*** PROVIDED INFORMATION ***

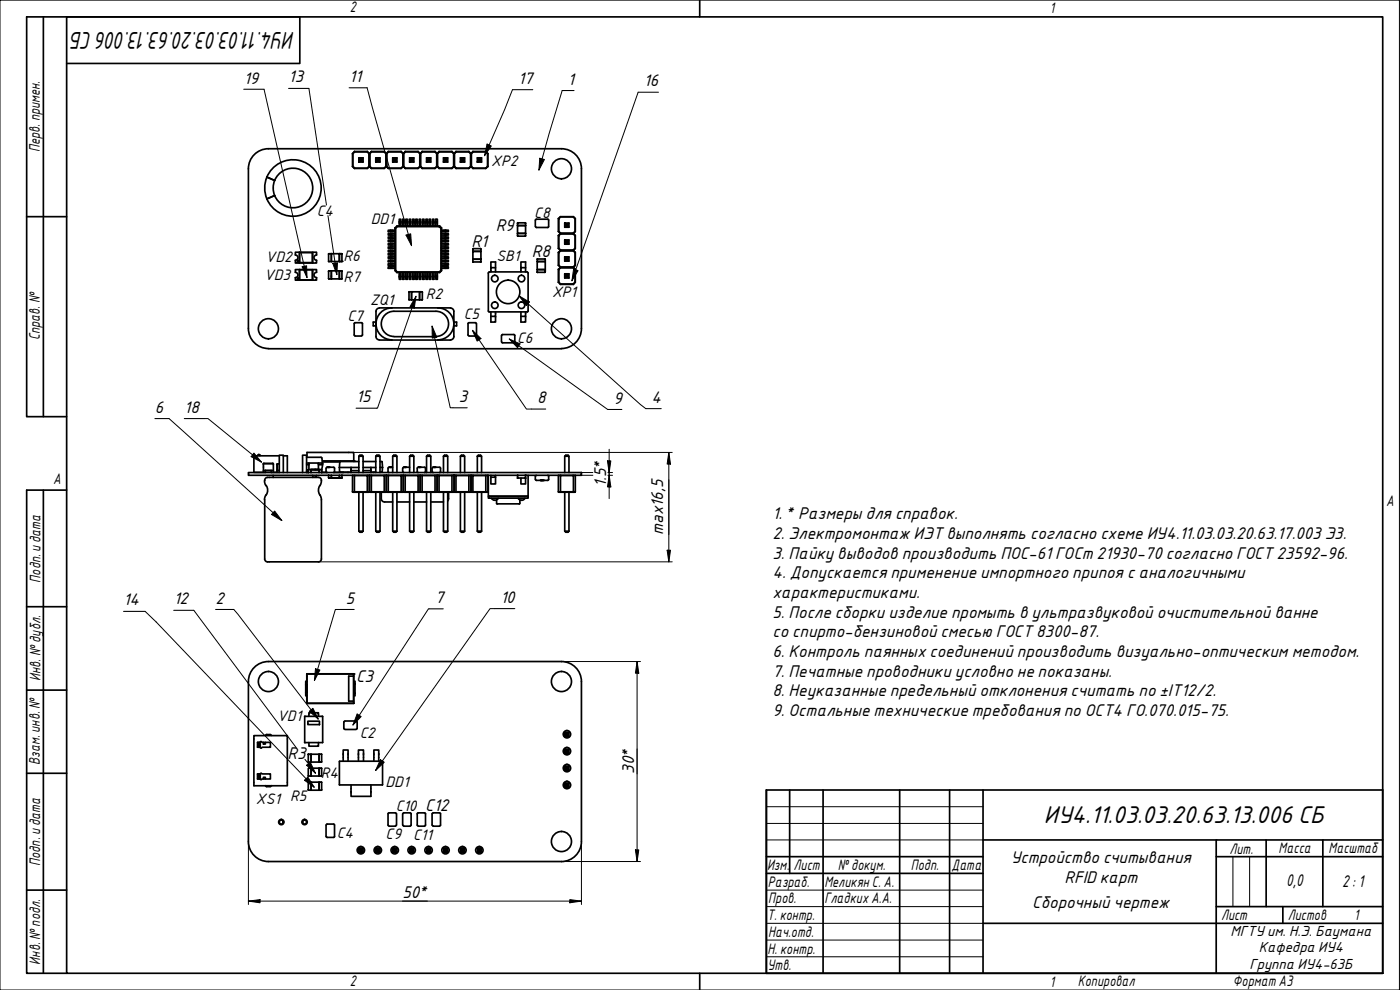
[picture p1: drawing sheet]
<svg xmlns="http://www.w3.org/2000/svg" width="420mm" height="297mm" viewBox="0 0 420 297" stroke-linecap="round" stroke-linejoin="round" font-family="sans-serif">
<g fill="none" stroke="#000" stroke-width=".51">
<path d="M74.5 50.6v48a6 6 0 0 0 6 6M80.1 53.1l2.3 1.1zM80.5 44.6h88a6 6 0 0 1 6 6M80.5 44.6a6 6 0 0 0-6 6M82.4 58.7l-2.3 1M82.4 54.1l-.4 2.6 .4 2M82.4 54.1a5.9 5.9 0 0 1 9.1-2.4 5.9 5.9 0 0 1 0 9.4 5.9 5.9 0 0 1-9.1-2.4M105.8 46.1h.1M105.8 46.1v3.9M105.8 50l.6 .5M105.9 46.1l.5-.5h3.8l.5 .5v3.8l-.5 .6h-3.8l-.5-.6zM105.9 49.9l-.1 .1"/>
<path d="M106.4 45.5h3.8M106.4 50.5h3.8M106.4 45.5l-.6 .6M106.4 45.5v.1M106.4 50.5h.1M107.7 47.4h1.3v1.2h-1.3zM107.7 47.4l.3 .3M108 47.7h.6v.7h-.6zM108 48.4l-.3 .2M108.6 48.4l.4 .2M109 47.4l-.4 .3M110.2 45.5l.7 .6"/>
<path d="M110.2 45.5v.1M110.2 50.5h.1M110.7 46.1h.3M110.7 49.9l.2 .1M110.9 46.1v3.9M110.9 50l-.7 .5M110.9 50l.5 .5M111 49.9l-.1 .1M111.4 45.5h3.9M111.4 50.5h3.9M111.4 45.5l-.5 .6M111.4 45.5l.1 .1"/>
<path d="M111.5 45.6h3.8l.5 .5v3.8l-.5 .6h-3.8l-.5-.6v-3.8zM111.5 50.5h-.1M112.8 47.4h1.2v1.2h-1.2zM112.8 47.4l.3 .3M113.1 47.7h.6v.7h-.6zM113.1 48.4l-.3 .2M113.7 48.4l.3 .2M114 47.4l-.3 .3M115.3 45.5l.7 .6M115.3 45.5v.1M115.3 50.5h.1M115.8 46.1h.3"/>
<path d="M115.8 49.9l.2 .1M116 46.1v3.9M116 50l-.7 .5M116 50l.5 .5M116.1 46.1l.5-.5h3.8l.5 .5v3.8l-.5 .6h-3.8l-.5-.6zM116.1 49.9l-.1 .1M116.5 45.5h3.9M116.5 50.5h3.9M116.5 45.5l-.5 .6M116.5 45.5l.1 .1M116.6 50.5h-.1M117.9 47.4h1.2v1.2h-1.2z"/>
<path d="M117.9 47.4l.3 .3M118.2 47.7h.6v.7h-.6zM118.2 48.4l-.3 .2M118.8 48.4l.3 .2M119.1 47.4l-.3 .3M120.4 45.5l.6 .6M120.4 45.5v.1M120.4 50.5h.1M120.9 46.1h.3M120.9 49.9l.1 .1M121 46.1v3.9M121 50l.6 .5"/>
<path d="M121 50l-.6 .5M121.2 46.1l.5-.5h3.8l.5 .5v3.8l-.5 .6h-3.8l-.5-.6zM121.2 49.9l-.2 .1M121.6 45.5h3.9M121.6 50.5h3.9M121.6 45.5l-.6 .6M121.6 45.5l.1 .1M121.7 50.5h-.1M122.9 47.4h1.3v1.2h-1.3zM122.9 47.4l.4 .3M123.3 47.7h.6v.7h-.6zM123.3 48.4l-.4 .2"/>
<path d="M123.9 48.4l.3 .2M124.2 47.4l-.3 .3M125.5 45.5l.6 .6M125.5 45.5v.1M125.5 50.5h.1M126 49.9l.1 .1M126 46.1h.2M126.1 46.1v3.9M126.1 50l.6 .5M126.1 50l-.6 .5M126.2 46.1l.5-.5h3.9l.5 .5v3.8l-.5 .6h-3.9l-.5-.6zM126.2 49.9l-.1 .1"/>
<path d="M126.7 45.5h3.9M126.7 50.5h3.9M126.7 45.5l-.6 .6M126.7 45.5v.1M126.7 50.5h.1M128 47.4h1.3v1.2h-1.3zM128 47.4l.3 .3M128.3 47.7h.7v.7h-.7zM128.3 48.4l-.3 .2M129 48.4l.3 .2M129.3 47.4l-.3 .3M130.6 45.5l.6 .6"/>
<path d="M130.6 45.5v.1M130.6 50.5h.1M131.1 46.1h.2M131.1 49.9l.1 .1M131.2 46.1v3.9M131.2 50l-.6 .5M131.2 50l.6 .5M131.3 46.1l.5-.5h3.8l.5 .5v3.8l-.5 .6h-3.8l-.5-.6zM131.3 49.9l-.1 .1M131.8 45.5h3.8M131.8 50.5h3.8M131.8 45.5l-.6 .6"/>
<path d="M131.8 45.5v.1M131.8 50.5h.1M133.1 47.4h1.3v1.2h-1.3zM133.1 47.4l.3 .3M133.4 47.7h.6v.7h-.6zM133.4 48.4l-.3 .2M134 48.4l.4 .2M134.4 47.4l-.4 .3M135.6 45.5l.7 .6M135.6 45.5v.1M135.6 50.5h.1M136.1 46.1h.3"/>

*** End of PROVIDED INFORMATION ***

**WORK INSTRUCTION:** The answer must be a single number: the count of lines in the records above that contain the word "width".

**ANSWER SPACE:** 2